I put on the vest, feeling like I'd been stuffed into a sandbag. She stood at the training room's other end, holding a silver marking dart.
"The essence of spatial marking is coordinate locking." She explained while throwing the dart. The dart arced through the air, suddenly vanished, then appeared three centimeters behind my head, "When you can perceive the mark's existence, your reaction speed improves. This is the only ability adaptoids can strengthen through training—rule pre-reading."
The dart hovered behind my head. I could feel the space around it slightly distorting, like heat ripples rising from hot pavement.
"Now, close your eyes." Shen Xingyao said, "Tell me where the marks are."
I closed my eyes. The world sank into darkness.
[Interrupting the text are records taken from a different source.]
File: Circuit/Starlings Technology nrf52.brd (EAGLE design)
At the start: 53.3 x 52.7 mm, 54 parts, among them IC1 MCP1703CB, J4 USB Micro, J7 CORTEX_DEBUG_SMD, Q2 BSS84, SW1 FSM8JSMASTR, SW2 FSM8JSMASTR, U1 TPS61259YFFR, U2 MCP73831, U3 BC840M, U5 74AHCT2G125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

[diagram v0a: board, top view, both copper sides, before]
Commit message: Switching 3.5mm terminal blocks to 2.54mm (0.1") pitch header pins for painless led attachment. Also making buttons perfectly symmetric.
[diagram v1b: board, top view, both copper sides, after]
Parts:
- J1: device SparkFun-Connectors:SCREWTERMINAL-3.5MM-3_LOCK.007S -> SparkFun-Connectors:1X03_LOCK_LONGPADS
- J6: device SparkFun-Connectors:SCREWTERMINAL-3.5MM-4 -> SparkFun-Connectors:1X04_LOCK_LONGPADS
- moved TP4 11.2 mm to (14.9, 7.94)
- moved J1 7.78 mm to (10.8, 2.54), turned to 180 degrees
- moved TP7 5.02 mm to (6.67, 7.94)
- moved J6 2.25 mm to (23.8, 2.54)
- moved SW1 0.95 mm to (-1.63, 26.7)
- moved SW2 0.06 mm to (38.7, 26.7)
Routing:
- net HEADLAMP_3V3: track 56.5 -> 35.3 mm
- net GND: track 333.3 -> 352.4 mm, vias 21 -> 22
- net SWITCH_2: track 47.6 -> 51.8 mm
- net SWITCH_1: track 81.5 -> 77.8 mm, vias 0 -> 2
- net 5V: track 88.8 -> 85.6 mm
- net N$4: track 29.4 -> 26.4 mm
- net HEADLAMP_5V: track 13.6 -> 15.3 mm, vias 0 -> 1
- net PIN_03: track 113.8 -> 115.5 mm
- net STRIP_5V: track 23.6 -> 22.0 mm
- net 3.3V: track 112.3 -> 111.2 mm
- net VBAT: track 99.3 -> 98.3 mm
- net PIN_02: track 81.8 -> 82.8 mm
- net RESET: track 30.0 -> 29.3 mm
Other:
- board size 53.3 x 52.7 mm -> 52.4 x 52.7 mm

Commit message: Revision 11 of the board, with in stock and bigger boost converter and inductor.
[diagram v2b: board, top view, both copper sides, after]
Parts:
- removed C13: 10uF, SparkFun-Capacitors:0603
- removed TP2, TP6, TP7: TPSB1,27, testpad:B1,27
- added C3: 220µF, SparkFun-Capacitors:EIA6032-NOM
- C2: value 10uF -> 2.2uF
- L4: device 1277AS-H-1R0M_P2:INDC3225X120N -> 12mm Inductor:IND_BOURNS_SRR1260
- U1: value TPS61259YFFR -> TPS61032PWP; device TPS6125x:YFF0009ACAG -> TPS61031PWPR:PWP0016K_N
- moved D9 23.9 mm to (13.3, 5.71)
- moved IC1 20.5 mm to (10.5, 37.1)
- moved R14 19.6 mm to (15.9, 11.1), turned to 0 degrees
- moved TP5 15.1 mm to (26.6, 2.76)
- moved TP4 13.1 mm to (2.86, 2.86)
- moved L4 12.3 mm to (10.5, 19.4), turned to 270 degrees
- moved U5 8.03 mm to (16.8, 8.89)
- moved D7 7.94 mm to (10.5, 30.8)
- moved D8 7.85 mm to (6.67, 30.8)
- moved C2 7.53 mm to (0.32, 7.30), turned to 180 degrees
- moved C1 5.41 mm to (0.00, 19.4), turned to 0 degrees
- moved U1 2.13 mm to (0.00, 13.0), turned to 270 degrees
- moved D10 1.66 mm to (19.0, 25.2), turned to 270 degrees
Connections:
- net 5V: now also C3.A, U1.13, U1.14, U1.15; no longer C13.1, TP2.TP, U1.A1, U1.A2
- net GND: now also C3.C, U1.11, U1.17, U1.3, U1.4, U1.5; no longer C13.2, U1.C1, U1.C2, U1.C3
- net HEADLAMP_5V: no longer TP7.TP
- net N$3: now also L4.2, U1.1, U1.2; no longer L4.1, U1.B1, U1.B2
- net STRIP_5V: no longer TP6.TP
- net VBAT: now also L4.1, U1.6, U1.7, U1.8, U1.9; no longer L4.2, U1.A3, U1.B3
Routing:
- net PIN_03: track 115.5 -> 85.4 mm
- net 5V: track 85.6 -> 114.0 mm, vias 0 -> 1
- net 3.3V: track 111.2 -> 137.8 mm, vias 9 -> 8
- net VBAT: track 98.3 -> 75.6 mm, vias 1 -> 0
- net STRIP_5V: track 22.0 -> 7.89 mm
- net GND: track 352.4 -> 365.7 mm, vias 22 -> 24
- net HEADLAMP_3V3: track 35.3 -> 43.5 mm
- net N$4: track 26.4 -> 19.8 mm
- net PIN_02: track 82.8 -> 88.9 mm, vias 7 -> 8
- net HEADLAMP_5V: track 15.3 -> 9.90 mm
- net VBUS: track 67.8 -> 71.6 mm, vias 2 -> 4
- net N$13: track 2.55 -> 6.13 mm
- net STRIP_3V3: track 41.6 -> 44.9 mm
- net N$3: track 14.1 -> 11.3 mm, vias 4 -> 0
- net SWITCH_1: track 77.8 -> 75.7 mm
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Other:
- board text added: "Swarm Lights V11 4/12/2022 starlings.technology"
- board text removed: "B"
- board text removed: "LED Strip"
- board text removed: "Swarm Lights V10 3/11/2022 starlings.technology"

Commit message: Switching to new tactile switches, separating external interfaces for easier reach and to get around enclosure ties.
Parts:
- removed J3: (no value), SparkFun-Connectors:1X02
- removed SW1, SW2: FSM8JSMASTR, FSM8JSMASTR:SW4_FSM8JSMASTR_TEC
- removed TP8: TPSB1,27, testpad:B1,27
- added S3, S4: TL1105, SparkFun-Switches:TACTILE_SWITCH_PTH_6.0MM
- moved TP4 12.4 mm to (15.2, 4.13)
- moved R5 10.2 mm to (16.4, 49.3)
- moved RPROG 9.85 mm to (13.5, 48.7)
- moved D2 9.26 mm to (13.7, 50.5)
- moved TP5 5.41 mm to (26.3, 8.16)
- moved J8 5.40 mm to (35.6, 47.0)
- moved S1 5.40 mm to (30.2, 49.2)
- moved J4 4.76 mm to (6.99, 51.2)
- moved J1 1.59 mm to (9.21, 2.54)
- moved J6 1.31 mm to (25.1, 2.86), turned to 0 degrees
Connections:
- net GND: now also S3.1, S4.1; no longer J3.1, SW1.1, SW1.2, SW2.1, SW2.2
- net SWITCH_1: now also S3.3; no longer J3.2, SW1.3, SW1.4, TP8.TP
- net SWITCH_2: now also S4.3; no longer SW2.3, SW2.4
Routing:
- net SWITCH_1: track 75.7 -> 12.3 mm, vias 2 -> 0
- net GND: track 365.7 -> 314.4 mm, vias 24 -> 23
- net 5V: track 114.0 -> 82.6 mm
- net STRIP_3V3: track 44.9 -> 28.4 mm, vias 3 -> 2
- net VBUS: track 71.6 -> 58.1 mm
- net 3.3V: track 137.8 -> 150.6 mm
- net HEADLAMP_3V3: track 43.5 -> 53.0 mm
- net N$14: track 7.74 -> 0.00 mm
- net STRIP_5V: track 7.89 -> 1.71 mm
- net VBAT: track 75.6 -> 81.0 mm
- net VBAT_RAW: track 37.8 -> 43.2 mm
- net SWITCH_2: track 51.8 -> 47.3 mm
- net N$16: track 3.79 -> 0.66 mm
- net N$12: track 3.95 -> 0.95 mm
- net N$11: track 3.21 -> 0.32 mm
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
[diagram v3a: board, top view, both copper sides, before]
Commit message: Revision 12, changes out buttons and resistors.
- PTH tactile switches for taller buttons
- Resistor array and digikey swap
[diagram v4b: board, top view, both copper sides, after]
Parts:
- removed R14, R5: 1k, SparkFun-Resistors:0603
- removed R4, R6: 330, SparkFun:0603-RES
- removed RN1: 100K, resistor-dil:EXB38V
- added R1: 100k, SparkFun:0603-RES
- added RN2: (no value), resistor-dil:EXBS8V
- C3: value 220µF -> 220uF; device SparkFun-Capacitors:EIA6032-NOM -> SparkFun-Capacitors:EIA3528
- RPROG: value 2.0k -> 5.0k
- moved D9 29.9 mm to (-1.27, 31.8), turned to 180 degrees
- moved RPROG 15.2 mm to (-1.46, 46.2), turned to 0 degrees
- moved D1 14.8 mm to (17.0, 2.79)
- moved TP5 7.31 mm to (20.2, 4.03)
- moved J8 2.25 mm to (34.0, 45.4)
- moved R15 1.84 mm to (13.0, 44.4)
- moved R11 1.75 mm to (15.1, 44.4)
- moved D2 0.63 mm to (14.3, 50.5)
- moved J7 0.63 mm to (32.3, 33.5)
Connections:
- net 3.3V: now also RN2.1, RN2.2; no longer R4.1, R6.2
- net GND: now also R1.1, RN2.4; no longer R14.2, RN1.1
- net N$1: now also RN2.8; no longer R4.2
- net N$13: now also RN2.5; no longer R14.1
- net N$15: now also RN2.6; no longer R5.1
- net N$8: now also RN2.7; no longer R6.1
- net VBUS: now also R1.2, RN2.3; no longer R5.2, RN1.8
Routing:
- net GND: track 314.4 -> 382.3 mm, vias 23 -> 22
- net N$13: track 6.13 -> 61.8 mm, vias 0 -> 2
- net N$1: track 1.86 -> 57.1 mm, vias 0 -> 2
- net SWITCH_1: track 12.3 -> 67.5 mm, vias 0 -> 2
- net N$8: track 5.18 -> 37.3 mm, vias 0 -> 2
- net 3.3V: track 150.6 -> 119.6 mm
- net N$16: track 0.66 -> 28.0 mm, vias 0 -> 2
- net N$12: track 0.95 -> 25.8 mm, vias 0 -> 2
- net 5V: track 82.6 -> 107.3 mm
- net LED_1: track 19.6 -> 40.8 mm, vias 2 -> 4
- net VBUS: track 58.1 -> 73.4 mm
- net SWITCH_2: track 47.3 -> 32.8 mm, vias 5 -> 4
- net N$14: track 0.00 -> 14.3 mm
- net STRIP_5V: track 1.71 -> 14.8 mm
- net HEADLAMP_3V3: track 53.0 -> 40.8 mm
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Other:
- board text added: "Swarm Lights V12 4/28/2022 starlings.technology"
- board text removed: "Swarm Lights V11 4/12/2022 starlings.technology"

But in the darkness, there were six silver light points, like stars, distributed in different directions.
"Six." I said, "One behind my head, two inside the vest lining, one under my shoe, and two... in your eyes."
She froze.
"In my eyes?"
"Right." I opened my eyes, pointing at her pupils, "Your spatial marks are hidden in visual focus points. When you look at me, the mark is already placed."
She fell silent for a rare few seconds, then retrieved the dart: "Good. Seems you do have talent."
"Talent?"
"An adaptoid's talent is seeing what others can't." She turned to leave, "Tomorrow's mission, don't disappoint me. B-07 Squad doesn't keep idlers, nor corpses."
The training room door closed, leaving only me and the weighted vest.
I sat down, pulled out the pencil, and drew a circle on the floor. Inside the circle, I wrote:
[Lin Jin, synchronization rate 11.5%, still alive, math homework finished.]
The letters were silvery-white, glowing faintly.
I stared at them for a long time until they slowly faded, as if never existing.
Outside the window, the Rift Zone Administration's silver building flickered in the night like an artificial star. Further away, the city glittered with lights—those other seniors were still grinding practice questions for Gaokao 87 days away.
Meanwhile, I'd signed an indenture, had 11.5% synchronization, and tomorrow I had to "observe" inside a Rift Zone without rewriting any rules.
Plus, the cracks on that HB pencil had already spread to its tip.
I lay down, letting ten kilograms of weight press on me like a coffin arriving early.
But at least for now, I could still breathe, still think, still remember Teacher Zhang's face of utter disappointment.
And when Shen Xingyao said "you'll die," the cold sensation of that dart hovering three centimeters behind my head.
That cold was real—real enough to convince me I was still alive.